I also wore a white shirt with a bunch of buttons down the front and a mandarin collar that my Grandmother second-handed to me a few years ago. Then I added a sea-shell necklace that one of my friend's gave me as a parting gift when I left China, and some earings that my sister gave me on my return. They are shaped like tiny cutlasses, and I have never worn them before. They prompted my friend to tell me that I looked 'like a carribean princess'. I took that as a good thing, but you never know with her...I didn't have anything appropriately petticoat-like, but actually that might have been going too far, anyway. Baby steps.

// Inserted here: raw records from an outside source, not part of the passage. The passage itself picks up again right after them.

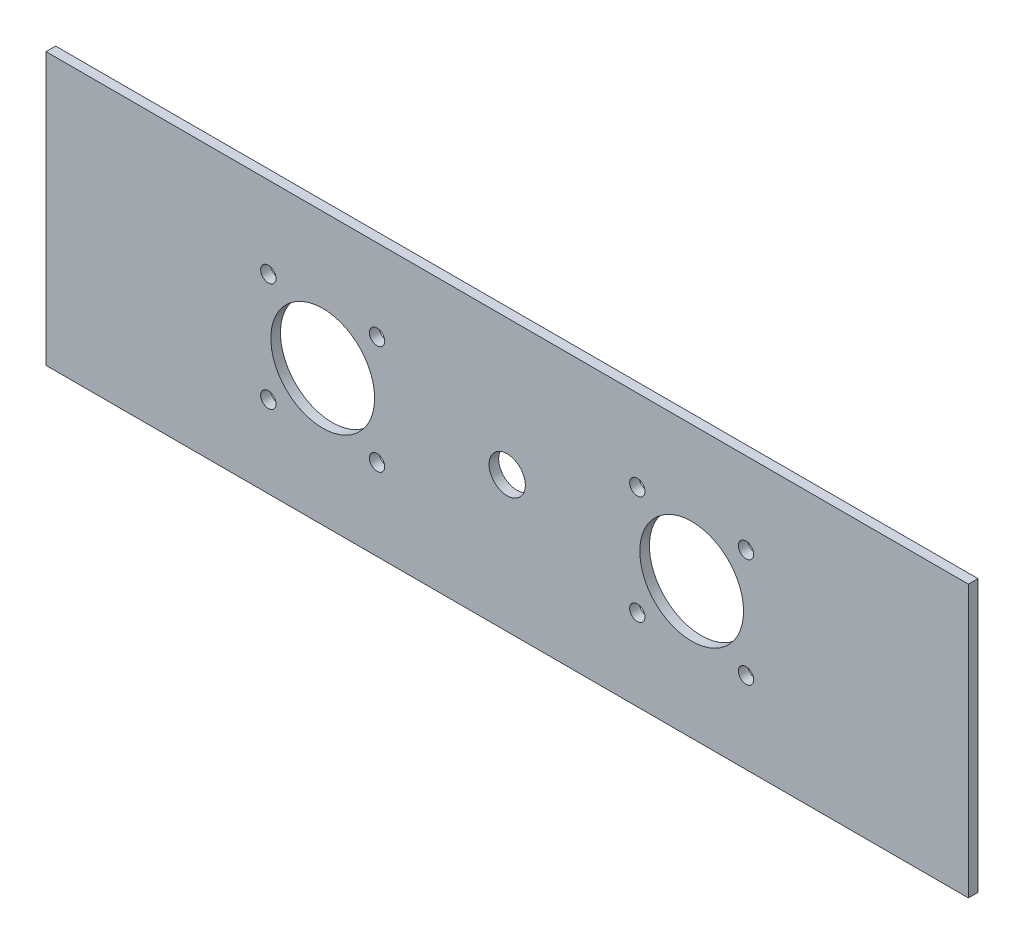
ISO-10303-21;
HEADER;
FILE_DESCRIPTION(('STEP AP214'),'2;1');
FILE_NAME('part.step','',(''),(''),'','','');
FILE_SCHEMA(('AUTOMOTIVE_DESIGN { 1 0 10303 214 1 1 1 1 }'));
ENDSEC;
DATA;
#1=APPLICATION_CONTEXT('core data for automotive mechanical design processes');
#2=APPLICATION_PROTOCOL_DEFINITION('international standard','automotive_design',2000,#1);
#3=PRODUCT_CONTEXT('',#1,'mechanical');
#4=PRODUCT('Part','Part','',(#3));
#5=PRODUCT_RELATED_PRODUCT_CATEGORY('part','',(#4));
#6=PRODUCT_DEFINITION_FORMATION('','',#4);
#7=PRODUCT_DEFINITION_CONTEXT('part definition',#1,'design');
#8=PRODUCT_DEFINITION('design','',#6,#7);
#9=PRODUCT_DEFINITION_SHAPE('','',#8);
#10=(LENGTH_UNIT() NAMED_UNIT(*) SI_UNIT(.MILLI.,.METRE.));
#11=(NAMED_UNIT(*) PLANE_ANGLE_UNIT() SI_UNIT($,.RADIAN.));
#12=(NAMED_UNIT(*) SI_UNIT($,.STERADIAN.) SOLID_ANGLE_UNIT());
#13=UNCERTAINTY_MEASURE_WITH_UNIT(LENGTH_MEASURE(1.E-05),#10,'distance_accuracy_value','');
#14=(GEOMETRIC_REPRESENTATION_CONTEXT(3) GLOBAL_UNCERTAINTY_ASSIGNED_CONTEXT((#13)) GLOBAL_UNIT_ASSIGNED_CONTEXT((#10,
#11,#12)) REPRESENTATION_CONTEXT('',''));
#15=CARTESIAN_POINT('',(0.,0.,0.));
#16=DIRECTION('',(0.,0.,1.));
#17=DIRECTION('',(1.,0.,0.));
#18=AXIS2_PLACEMENT_3D('',#15,#16,#17);
#19=CARTESIAN_POINT('',(0.,0.,3.175));
#20=DIRECTION('',(0.,0.,-1.));
#21=DIRECTION('',(-1.,0.,0.));
#22=AXIS2_PLACEMENT_3D('',#19,#20,#21);
#23=PLANE('',#22);
#24=DIRECTION('',(0.,-1.,0.));
#25=VECTOR('',#24,1.);
#26=CARTESIAN_POINT('',(0.,0.,3.175));
#27=LINE('',#26,#25);
#28=CARTESIAN_POINT('',(0.,89.8,3.175));
#29=VERTEX_POINT('',#28);
#30=CARTESIAN_POINT('',(0.,0.,3.175));
#31=VERTEX_POINT('',#30);
#32=EDGE_CURVE('E92',#29,#31,#27,.T.);
#33=ORIENTED_EDGE('',*,*,#32,.T.);
#34=DIRECTION('',(1.,0.,0.));
#35=VECTOR('',#34,1.);
#36=CARTESIAN_POINT('',(0.,0.,3.175));
#37=LINE('',#36,#35);
#38=CARTESIAN_POINT('',(304.8,0.,3.175));
#39=VERTEX_POINT('',#38);
#40=EDGE_CURVE('E87',#31,#39,#37,.T.);
#41=ORIENTED_EDGE('',*,*,#40,.T.);
#42=DIRECTION('',(0.,1.,0.));
#43=VECTOR('',#42,1.);
#44=CARTESIAN_POINT('',(304.8,0.,3.175));
#45=LINE('',#44,#43);
#46=CARTESIAN_POINT('',(304.8,89.8,3.175));
#47=VERTEX_POINT('',#46);
#48=EDGE_CURVE('E90',#39,#47,#45,.T.);
#49=ORIENTED_EDGE('',*,*,#48,.T.);
#50=DIRECTION('',(-1.,0.,0.));
#51=VECTOR('',#50,1.);
#52=CARTESIAN_POINT('',(0.,89.8,3.175));
#53=LINE('',#52,#51);
#54=EDGE_CURVE('E57',#47,#29,#53,.T.);
#55=ORIENTED_EDGE('',*,*,#54,.T.);
#56=EDGE_LOOP('',(#33,#41,#49,#55));
#57=FACE_BOUND('',#56,.T.);
#58=CARTESIAN_POINT('',(152.4,44.9,3.175));
#59=DIRECTION('',(0.,0.,1.));
#60=DIRECTION('',(1.,0.,0.));
#61=AXIS2_PLACEMENT_3D('',#58,#59,#60);
#62=CIRCLE('',#61,6.00000000000002);
#63=CARTESIAN_POINT('',(158.4,44.9,3.175));
#64=VERTEX_POINT('',#63);
#65=EDGE_CURVE('E112',#64,#64,#62,.T.);
#66=ORIENTED_EDGE('',*,*,#65,.F.);
#67=EDGE_LOOP('',(#66));
#68=FACE_BOUND('',#67,.T.);
#69=CARTESIAN_POINT('',(91.44,44.9,3.175));
#70=DIRECTION('',(0.,0.,1.));
#71=DIRECTION('',(1.,0.,0.));
#72=AXIS2_PLACEMENT_3D('',#69,#70,#71);
#73=CIRCLE('',#72,17.145);
#74=CARTESIAN_POINT('',(108.585,44.9,3.175));
#75=VERTEX_POINT('',#74);
#76=EDGE_CURVE('E134',#75,#75,#73,.T.);
#77=ORIENTED_EDGE('',*,*,#76,.F.);
#78=EDGE_LOOP('',(#77));
#79=FACE_BOUND('',#78,.T.);
#80=CARTESIAN_POINT('',(109.401585406358,62.8594390137919,3.175));
#81=DIRECTION('',(0.,0.,1.));
#82=DIRECTION('',(1.,0.,0.));
#83=AXIS2_PLACEMENT_3D('',#80,#81,#82);
#84=CIRCLE('',#83,2.54000000000001);
#85=CARTESIAN_POINT('',(111.941585406358,62.8594390137919,3.175));
#86=VERTEX_POINT('',#85);
#87=EDGE_CURVE('E142',#86,#86,#84,.T.);
#88=ORIENTED_EDGE('',*,*,#87,.F.);
#89=EDGE_LOOP('',(#88));
#90=FACE_BOUND('',#89,.T.);
#91=CARTESIAN_POINT('',(109.399439013792,26.938414593642,3.175));
#92=DIRECTION('',(0.,0.,1.));
#93=DIRECTION('',(1.,0.,0.));
#94=AXIS2_PLACEMENT_3D('',#91,#92,#93);
#95=CIRCLE('',#94,2.54);
#96=CARTESIAN_POINT('',(111.939439013792,26.938414593642,3.175));
#97=VERTEX_POINT('',#96);
#98=EDGE_CURVE('E150',#97,#97,#95,.T.);
#99=ORIENTED_EDGE('',*,*,#98,.F.);
#100=EDGE_LOOP('',(#99));
#101=FACE_BOUND('',#100,.T.);
#102=CARTESIAN_POINT('',(73.4784145936425,26.9405609862077,3.175));
#103=DIRECTION('',(0.,0.,1.));
#104=DIRECTION('',(1.,0.,0.));
#105=AXIS2_PLACEMENT_3D('',#102,#103,#104);
#106=CIRCLE('',#105,2.54000000000001);
#107=CARTESIAN_POINT('',(76.0184145936425,26.9405609862077,3.175));
#108=VERTEX_POINT('',#107);
#109=EDGE_CURVE('E158',#108,#108,#106,.T.);
#110=ORIENTED_EDGE('',*,*,#109,.F.);
#111=EDGE_LOOP('',(#110));
#112=FACE_BOUND('',#111,.T.);
#113=CARTESIAN_POINT('',(73.4805609862082,62.8615854063576,3.175));
#114=DIRECTION('',(0.,0.,1.));
#115=DIRECTION('',(1.,0.,0.));
#116=AXIS2_PLACEMENT_3D('',#113,#114,#115);
#117=CIRCLE('',#116,2.53999999999999);
#118=CARTESIAN_POINT('',(76.0205609862082,62.8615854063576,3.175));
#119=VERTEX_POINT('',#118);
#120=EDGE_CURVE('E166',#119,#119,#117,.T.);
#121=ORIENTED_EDGE('',*,*,#120,.F.);
#122=EDGE_LOOP('',(#121));
#123=FACE_BOUND('',#122,.T.);
#124=CARTESIAN_POINT('',(213.36,44.9,3.175));
#125=DIRECTION('',(0.,0.,1.));
#126=DIRECTION('',(1.,0.,0.));
#127=AXIS2_PLACEMENT_3D('',#124,#125,#126);
#128=CIRCLE('',#127,17.145);
#129=CARTESIAN_POINT('',(230.505,44.9,3.175));
#130=VERTEX_POINT('',#129);
#131=EDGE_CURVE('E174',#130,#130,#128,.T.);
#132=ORIENTED_EDGE('',*,*,#131,.F.);
#133=EDGE_LOOP('',(#132));
#134=FACE_BOUND('',#133,.T.);
#135=CARTESIAN_POINT('',(195.400560986209,62.8615854063583,3.175));
#136=DIRECTION('',(0.,0.,1.));
#137=DIRECTION('',(1.,0.,0.));
#138=AXIS2_PLACEMENT_3D('',#135,#136,#137);
#139=CIRCLE('',#138,2.54000000000004);
#140=CARTESIAN_POINT('',(197.940560986209,62.8615854063583,3.175));
#141=VERTEX_POINT('',#140);
#142=EDGE_CURVE('E182',#141,#141,#139,.T.);
#143=ORIENTED_EDGE('',*,*,#142,.F.);
#144=EDGE_LOOP('',(#143));
#145=FACE_BOUND('',#144,.T.);
#146=CARTESIAN_POINT('',(231.321585406358,62.8594390137919,3.175));
#147=DIRECTION('',(0.,0.,1.));
#148=DIRECTION('',(1.,0.,0.));
#149=AXIS2_PLACEMENT_3D('',#146,#147,#148);
#150=CIRCLE('',#149,2.54);
#151=CARTESIAN_POINT('',(233.861585406358,62.8594390137919,3.175));
#152=VERTEX_POINT('',#151);
#153=EDGE_CURVE('E190',#152,#152,#150,.T.);
#154=ORIENTED_EDGE('',*,*,#153,.F.);
#155=EDGE_LOOP('',(#154));
#156=FACE_BOUND('',#155,.T.);
#157=CARTESIAN_POINT('',(231.319439013792,26.938414593642,3.175));
#158=DIRECTION('',(0.,0.,1.));
#159=DIRECTION('',(1.,0.,0.));
#160=AXIS2_PLACEMENT_3D('',#157,#158,#159);
#161=CIRCLE('',#160,2.54000000000003);
#162=CARTESIAN_POINT('',(233.859439013792,26.938414593642,3.175));
#163=VERTEX_POINT('',#162);
#164=EDGE_CURVE('E198',#163,#163,#161,.T.);
#165=ORIENTED_EDGE('',*,*,#164,.F.);
#166=EDGE_LOOP('',(#165));
#167=FACE_BOUND('',#166,.T.);
#168=CARTESIAN_POINT('',(195.398414593642,26.9405609862087,3.175));
#169=DIRECTION('',(0.,0.,1.));
#170=DIRECTION('',(1.,0.,0.));
#171=AXIS2_PLACEMENT_3D('',#168,#169,#170);
#172=CIRCLE('',#171,2.54);
#173=CARTESIAN_POINT('',(197.938414593642,26.9405609862087,3.175));
#174=VERTEX_POINT('',#173);
#175=EDGE_CURVE('E206',#174,#174,#172,.T.);
#176=ORIENTED_EDGE('',*,*,#175,.F.);
#177=EDGE_LOOP('',(#176));
#178=FACE_BOUND('',#177,.T.);
#179=ADVANCED_FACE('F39',(#57,#68,#79,#90,#101,#112,#123,#134,#145,#156,#167,#178),#23,.F.);
#180=CARTESIAN_POINT('',(0.,0.,0.));
#181=DIRECTION('',(0.,0.,-1.));
#182=DIRECTION('',(-1.,0.,0.));
#183=AXIS2_PLACEMENT_3D('',#180,#181,#182);
#184=PLANE('',#183);
#185=CARTESIAN_POINT('',(231.319439013792,26.938414593642,0.));
#186=DIRECTION('',(0.,0.,1.));
#187=DIRECTION('',(1.,0.,0.));
#188=AXIS2_PLACEMENT_3D('',#185,#186,#187);
#189=CIRCLE('',#188,2.54000000000003);
#190=CARTESIAN_POINT('',(233.859439013792,26.938414593642,0.));
#191=VERTEX_POINT('',#190);
#192=EDGE_CURVE('E202',#191,#191,#189,.T.);
#193=ORIENTED_EDGE('',*,*,#192,.T.);
#194=EDGE_LOOP('',(#193));
#195=FACE_BOUND('',#194,.T.);
#196=CARTESIAN_POINT('',(195.400560986209,62.8615854063583,0.));
#197=DIRECTION('',(0.,0.,1.));
#198=DIRECTION('',(1.,0.,0.));
#199=AXIS2_PLACEMENT_3D('',#196,#197,#198);
#200=CIRCLE('',#199,2.54000000000004);
#201=CARTESIAN_POINT('',(197.940560986209,62.8615854063583,0.));
#202=VERTEX_POINT('',#201);
#203=EDGE_CURVE('E186',#202,#202,#200,.T.);
#204=ORIENTED_EDGE('',*,*,#203,.T.);
#205=EDGE_LOOP('',(#204));
#206=FACE_BOUND('',#205,.T.);
#207=CARTESIAN_POINT('',(73.4805609862082,62.8615854063576,0.));
#208=DIRECTION('',(0.,0.,1.));
#209=DIRECTION('',(1.,0.,0.));
#210=AXIS2_PLACEMENT_3D('',#207,#208,#209);
#211=CIRCLE('',#210,2.53999999999999);
#212=CARTESIAN_POINT('',(76.0205609862082,62.8615854063576,0.));
#213=VERTEX_POINT('',#212);
#214=EDGE_CURVE('E170',#213,#213,#211,.T.);
#215=ORIENTED_EDGE('',*,*,#214,.T.);
#216=EDGE_LOOP('',(#215));
#217=FACE_BOUND('',#216,.T.);
#218=CARTESIAN_POINT('',(109.399439013792,26.938414593642,0.));
#219=DIRECTION('',(0.,0.,1.));
#220=DIRECTION('',(1.,0.,0.));
#221=AXIS2_PLACEMENT_3D('',#218,#219,#220);
#222=CIRCLE('',#221,2.54);
#223=CARTESIAN_POINT('',(111.939439013792,26.938414593642,0.));
#224=VERTEX_POINT('',#223);
#225=EDGE_CURVE('E154',#224,#224,#222,.T.);
#226=ORIENTED_EDGE('',*,*,#225,.T.);
#227=EDGE_LOOP('',(#226));
#228=FACE_BOUND('',#227,.T.);
#229=CARTESIAN_POINT('',(91.44,44.9,0.));
#230=DIRECTION('',(0.,0.,1.));
#231=DIRECTION('',(1.,0.,0.));
#232=AXIS2_PLACEMENT_3D('',#229,#230,#231);
#233=CIRCLE('',#232,17.145);
#234=CARTESIAN_POINT('',(108.585,44.9,0.));
#235=VERTEX_POINT('',#234);
#236=EDGE_CURVE('E138',#235,#235,#233,.T.);
#237=ORIENTED_EDGE('',*,*,#236,.T.);
#238=EDGE_LOOP('',(#237));
#239=FACE_BOUND('',#238,.T.);
#240=DIRECTION('',(0.,-1.,0.));
#241=VECTOR('',#240,1.);
#242=CARTESIAN_POINT('',(0.,0.,0.));
#243=LINE('',#242,#241);
#244=CARTESIAN_POINT('',(0.,89.8,0.));
#245=VERTEX_POINT('',#244);
#246=CARTESIAN_POINT('',(0.,0.,0.));
#247=VERTEX_POINT('',#246);
#248=EDGE_CURVE('E108',#245,#247,#243,.T.);
#249=ORIENTED_EDGE('',*,*,#248,.F.);
#250=DIRECTION('',(-1.,0.,0.));
#251=VECTOR('',#250,1.);
#252=CARTESIAN_POINT('',(0.,89.8,0.));
#253=LINE('',#252,#251);
#254=CARTESIAN_POINT('',(304.8,89.8,0.));
#255=VERTEX_POINT('',#254);
#256=EDGE_CURVE('E80',#255,#245,#253,.T.);
#257=ORIENTED_EDGE('',*,*,#256,.F.);
#258=DIRECTION('',(0.,1.,0.));
#259=VECTOR('',#258,1.);
#260=CARTESIAN_POINT('',(304.8,0.,0.));
#261=LINE('',#260,#259);
#262=CARTESIAN_POINT('',(304.8,0.,0.));
#263=VERTEX_POINT('',#262);
#264=EDGE_CURVE('E74',#263,#255,#261,.T.);
#265=ORIENTED_EDGE('',*,*,#264,.F.);
#266=DIRECTION('',(1.,0.,0.));
#267=VECTOR('',#266,1.);
#268=CARTESIAN_POINT('',(0.,0.,0.));
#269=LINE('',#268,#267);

I'd apologise for what is a very out-of-character monotribe about clothing and accessories, but this is my blog, dammit, and making an outfit counts as craft, I've decided. Anyway, the upshot is that
I looked cool, felt cool,
was cool. That outfit rockes. I am definately wearing it again, and I absolutely
longed for a camera, partly because I wanted to share the effect with blogland, since I feel that this coolness was only made possible by the things I have seen here, and partly because I wanted to share it with my future self, to say 'see? You
can wear interesting things and look good in them'
I caught the bus into town, and then I walked to North Adelaide. I walked along King Willian Street, past
Parliament House. I passed the
Festival Theatre. Boy, I've had some good times in that building, seen some great things. If you click on
this link, you can see a 360 degree view of the theater and surrounds. That big lawn was covered in people, mostly sitting in those ridiculous low chairs you get when people who like chardonay go to outdoor events. It was, I found out later, the
Symphony Under the Stars. There was a big stage set up on the lawn, and beautiful sounds were coming from it, violins sounding like they are supposed to - lush and mournful and joyful and deep. The top of the stage had one of those generic white awnings over it that you get at outdoor concerts, and it was all lit up with blues and purples, contrasting beautifully with the bright orange of the sky. Just behind the stage was the Torrens river, and a huge flock of seagulls was circling over it, seeming to swirl above the stage, as if catching the riffs; or maybe flocking for a rare musical treat. The Torrens itself was beautiful - yes, I know, shocking! But in the twilight you can't see the rubbish and the wrong, wrong colour - you can just see the light glimmering and shimmering, the art installment of lit-from-the-centre paper boats (made of metal and plexiglass) and the fountain spurting away from the middle of the river.
I longed,
longed for a camera. And then I thought about it, and I realised that although I could show you what was happening, I couldn't capture the graceful movement of the seagulls, the beauty of the ever-changing reflections from the water. I couldn't show you exactly how the colours in the sky were changing, or share the soft, warm breeze with you. A photograph can't tell you about the buzz in the air as people gathered in the warm evening, or how wonderful it felt to have space all around me, and nice things in that space.
I thought about how
Telfair told me "Don't worry about not having a camera. You draw pictures with words" And I thought about how, even though these words still can't quite tell you how wonderful it was to be there, then, they can do a better job of it than pixels can. At least in this instance.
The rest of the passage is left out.